Thursday, June 28, 2007

Quotes of the Day: Gas Prices

National Review Editor Rich Lowrie on the Newshour with Jim Lehrer on PBS:
There are also some doubts about how much [higher fuel efficiency standards] will actually do to reduce greenhouse emissions, because there are all sorts of strange incentives where you -- if you make cars -- if you basically make it more efficient to drive cars, people will drive more. And the horn of dilemma of energy politics is what really drives concern about this energy in this country, at the gut level for most people, is high gas prices. And if you really want to fight global warming and try to reduce our carbon emissions, the cleanest, easiest, most rational way to do it would to make the price of gas even higher through very stiff gas prices. And, of course, that's what no one is willing to contemplate or talk about.
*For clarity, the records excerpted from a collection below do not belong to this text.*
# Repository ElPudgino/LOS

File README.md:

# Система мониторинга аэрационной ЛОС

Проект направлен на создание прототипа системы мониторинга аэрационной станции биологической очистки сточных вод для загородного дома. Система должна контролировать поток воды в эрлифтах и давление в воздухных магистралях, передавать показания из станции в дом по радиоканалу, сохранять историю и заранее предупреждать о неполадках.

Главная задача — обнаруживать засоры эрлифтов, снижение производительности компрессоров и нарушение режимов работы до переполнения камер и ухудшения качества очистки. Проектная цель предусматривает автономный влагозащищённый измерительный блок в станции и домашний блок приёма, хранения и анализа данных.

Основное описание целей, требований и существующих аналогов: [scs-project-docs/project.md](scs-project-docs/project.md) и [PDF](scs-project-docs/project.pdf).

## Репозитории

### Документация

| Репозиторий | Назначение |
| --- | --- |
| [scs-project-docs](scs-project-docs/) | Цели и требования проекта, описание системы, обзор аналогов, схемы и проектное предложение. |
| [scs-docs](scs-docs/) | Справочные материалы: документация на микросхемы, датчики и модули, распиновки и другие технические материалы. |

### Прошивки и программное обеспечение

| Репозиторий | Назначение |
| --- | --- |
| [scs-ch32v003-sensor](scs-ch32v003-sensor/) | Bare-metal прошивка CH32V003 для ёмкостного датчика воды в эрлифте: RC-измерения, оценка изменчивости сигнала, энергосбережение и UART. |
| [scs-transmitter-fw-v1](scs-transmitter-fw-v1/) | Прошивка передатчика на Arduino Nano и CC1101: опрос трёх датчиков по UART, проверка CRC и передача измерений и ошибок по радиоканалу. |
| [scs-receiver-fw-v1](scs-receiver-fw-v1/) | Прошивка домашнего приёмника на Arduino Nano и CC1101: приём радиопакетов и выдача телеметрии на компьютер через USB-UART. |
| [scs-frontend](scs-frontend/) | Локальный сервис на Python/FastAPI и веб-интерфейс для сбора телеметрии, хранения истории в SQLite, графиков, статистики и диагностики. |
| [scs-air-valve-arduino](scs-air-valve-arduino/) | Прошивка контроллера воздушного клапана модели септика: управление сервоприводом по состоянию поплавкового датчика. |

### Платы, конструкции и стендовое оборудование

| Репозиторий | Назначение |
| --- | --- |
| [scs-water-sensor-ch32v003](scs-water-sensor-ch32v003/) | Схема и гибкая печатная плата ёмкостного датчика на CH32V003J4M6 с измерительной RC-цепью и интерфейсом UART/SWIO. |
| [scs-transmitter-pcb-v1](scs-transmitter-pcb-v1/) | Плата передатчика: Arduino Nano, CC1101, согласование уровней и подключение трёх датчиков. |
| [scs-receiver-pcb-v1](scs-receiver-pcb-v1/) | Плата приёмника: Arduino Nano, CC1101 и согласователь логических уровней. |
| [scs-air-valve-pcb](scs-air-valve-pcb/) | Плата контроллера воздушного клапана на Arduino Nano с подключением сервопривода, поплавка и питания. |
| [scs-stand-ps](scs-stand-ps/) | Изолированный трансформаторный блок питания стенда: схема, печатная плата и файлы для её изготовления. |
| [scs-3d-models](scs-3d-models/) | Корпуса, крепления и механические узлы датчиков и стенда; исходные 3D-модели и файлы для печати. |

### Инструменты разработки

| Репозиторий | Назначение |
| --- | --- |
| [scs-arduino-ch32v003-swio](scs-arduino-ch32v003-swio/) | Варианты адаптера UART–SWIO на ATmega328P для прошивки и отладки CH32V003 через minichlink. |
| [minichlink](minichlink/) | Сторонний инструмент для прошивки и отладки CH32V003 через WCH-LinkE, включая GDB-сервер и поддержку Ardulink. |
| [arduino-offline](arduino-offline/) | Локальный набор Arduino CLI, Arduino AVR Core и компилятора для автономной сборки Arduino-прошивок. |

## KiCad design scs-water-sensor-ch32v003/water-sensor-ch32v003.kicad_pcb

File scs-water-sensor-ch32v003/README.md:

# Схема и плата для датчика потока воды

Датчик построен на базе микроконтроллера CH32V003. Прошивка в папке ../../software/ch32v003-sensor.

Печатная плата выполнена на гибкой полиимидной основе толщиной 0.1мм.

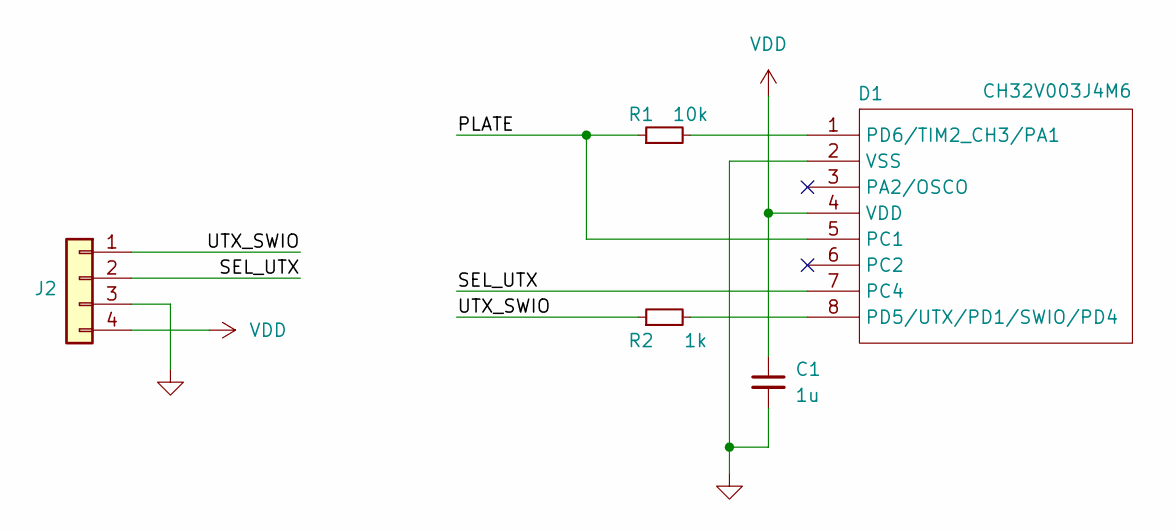
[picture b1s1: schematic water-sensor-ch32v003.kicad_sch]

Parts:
C1: 1u; C_0805_2012Metric_Pad1.18x1.45mm_HandSolder
D1: CH32V003J4M6; SOIC-8_3.9x4.9mm_P1.27mm
J2: Conn_01x04; CONN4
R1: 10k; R_0805_2012Metric_Pad1.20x1.40mm_HandSolder
R2: 1k; R_0805_2012Metric_Pad1.20x1.40mm_HandSolder

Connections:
/PLATE: D1.5 (PC1), R1.1
/SEL_UTX: D1.7 (PC4), J2.2
/UTX_SWIO: J2.1, R2.1
GND: C1.2, D1.2 (VSS), J2.3
unnamed: D1.8 (PD5/UTX/PD1/SWIO/PD4), R2.2
unnamed: D1.1 (PD6/TIM2_CH3/PA1), R1.2
VDD: C1.1, D1.4 (VDD), J2.4

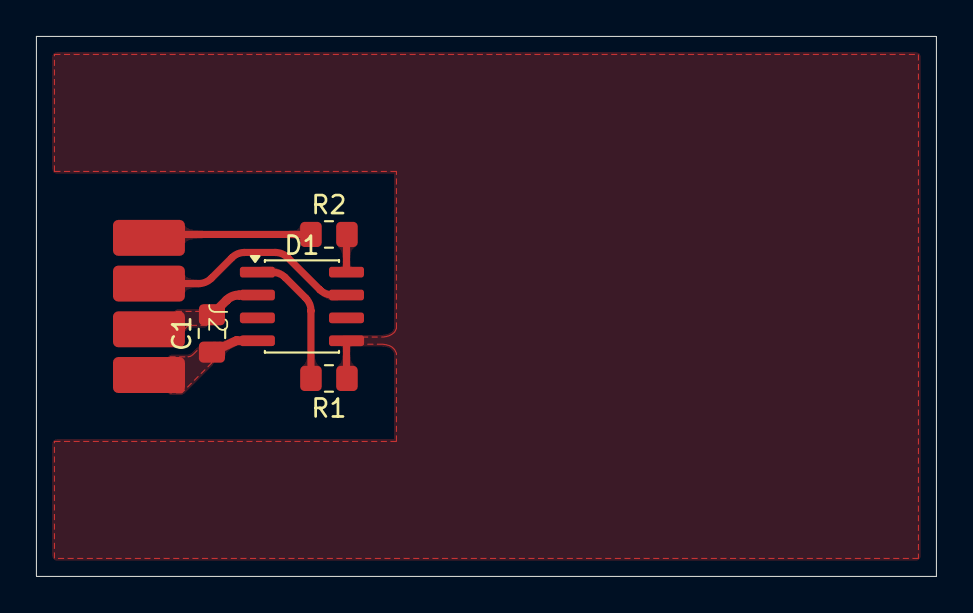
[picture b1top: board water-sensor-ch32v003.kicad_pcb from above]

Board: 2 copper layers, 50.0 x 30.0 mm, 5 parts (0 on the bottom side), 7 nets.

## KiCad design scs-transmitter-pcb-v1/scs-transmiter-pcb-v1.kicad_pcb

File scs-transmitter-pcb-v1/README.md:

# Печатная плата передатчика телеметрии

Плата измерительного блока системы мониторинга на Arduino Nano и радиомодуле CC1101. Предусмотрены согласование логических уровней, подключение трёх датчиков, транзисторные цепи запросов и объединение их линий UART TX.

Проект выполнен в KiCad и предназначен для работы с прошивкой [scs-transmitter-fw-v1](../scs-transmitter-fw-v1/).

- [scs-transmiter-pcb-v1.pdf](scs-transmiter-pcb-v1.pdf) — принципиальная схема в PDF.
- `scs-transmiter-pcb-v1.kicad_sch` и `scs-transmiter-pcb-v1.kicad_pcb` — схема и топология платы.
- `gerber/` — Gerber-файлы и сверловка для изготовления.
- `cnc/` — конфигурация и файлы для фрезеровки платы.

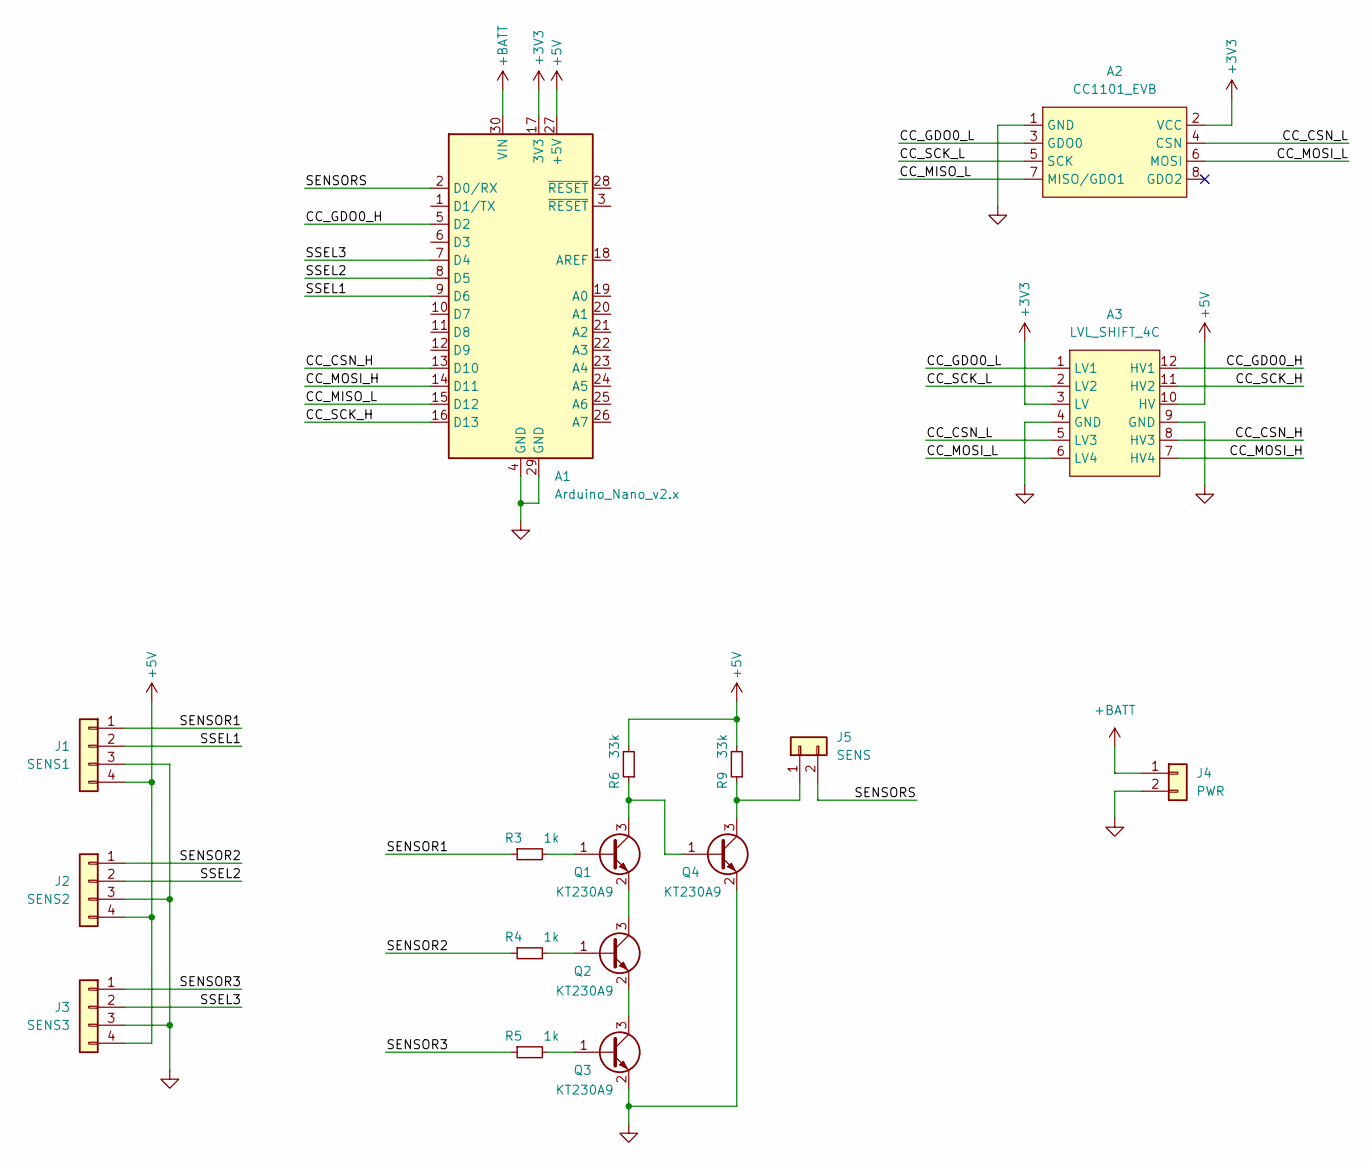
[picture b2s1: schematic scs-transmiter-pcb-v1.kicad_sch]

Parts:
A1: Arduino_Nano_v2.x; Arduino_Nano
A2: CC1101_EVB
A3: LVL_SHIFT_4C
J1: SENS1; PinHeader_1x04_P2.54mm_Vertical
J2: SENS2; PinHeader_1x04_P2.54mm_Vertical
J3: SENS3; PinHeader_1x04_P2.54mm_Vertical
J4: PWR; PinHeader_1x02_P2.54mm_Vertical
J5: SENS; PinHeader_1x02_P2.54mm_Vertical
Q1, Q2, Q3, Q4: КТ230А9; SOT-23
R3, R4, R5: 1k; R_0805_2012Metric_Pad1.20x1.40mm_HandSolder
R6, R9: 33k; R_0805_2012Metric_Pad1.20x1.40mm_HandSolder

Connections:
+3V3: A1.17 (3V3), A2.2 (VCC), A3.3 (LV)
+5V: A1.27 (+5V), A3.10 (HV), J1.4, J2.4, J3.4, R6.2, R9.2
+BATT: A1.30 (VIN), J4.1
/CC_CSN_H: A1.13 (D10), A3.8 (HV3)
/CC_CSN_L: A2.4 (CSN), A3.5 (LV3)
/CC_GDO0_H: A1.5 (D2), A3.12 (HV1)
/CC_GDO0_L: A2.3 (GDO0), A3.1 (LV1)
/CC_MISO_L: A1.15 (D12), A2.7 (MISO/GDO1)
/CC_MOSI_H: A1.14 (D11), A3.7 (HV4)
/CC_MOSI_L: A2.6 (MOSI), A3.6 (LV4)
/CC_SCK_H: A1.16 (D13), A3.11 (HV2)
/CC_SCK_L: A2.5 (SCK), A3.2 (LV2)
/SENSOR1: J1.1, R3.1
/SENSOR2: J2.1, R4.1
/SENSOR3: J3.1, R5.1
/SENSORS: A1.2 (D0/RX), J5.2
/SSEL1: A1.9 (D6), J1.2
/SSEL2: A1.8 (D5), J2.2
/SSEL3: A1.7 (D4), J3.2
GND: A1.4 (GND), A1.29 (GND), A2.1 (GND), A3.4 (GND), A3.9 (GND), J1.3, J2.3, J3.3, J4.2, Q3.2 (E), Q4.2 (E)
unnamed: J5.1, Q4.3 (C), R9.1
unnamed: Q1.1 (B), R3.2
unnamed: Q1.3 (C), Q4.1 (B), R6.1
unnamed: Q1.2 (E), Q2.3 (C)
unnamed: Q2.1 (B), R4.2
unnamed: Q2.2 (E), Q3.3 (C)
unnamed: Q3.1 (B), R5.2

David Frum of the American Enterprise Institute, with a great op-ed piece on American Public Media's Marketplace program (listen to the piece)
[Presidential candidates Clinton, Obama, Romney are] all echoing President Bush. At the start of the year, the president told a Delaware audience that he thinks it appropriate to spend taxpayers' money on new energy technologies. Does anybody remember that we've been here before? In the 1970s, the Carter administration spent — sorry, invested — tens of billions of dollars to develop alternatives to imported oil. The results? The Synfuels Corporation — one of the most flagrant boondoggles in American economic history. A market-flunking exercise that made even the farm program look like sound public policy. Why would anyone want to go down that road again? ...
There's only one way to bring oil alternatives to market: keep energy prices high, with tax increases if necessary. Under that price umbrella, entrepreneurs, firms, and consumers will develop their own next-best solutions — cutting back on consumption, devising substitutes and so on. ... But no politician wants to tell voters that they have to pay more for fuel to achieve energy independence. Instead, they offer delusions that government investors can somehow do what trillions of dollars in private capital cannot: discover a cheap and abundant alternative to oil that will deliver cleaner fuel at lower prices.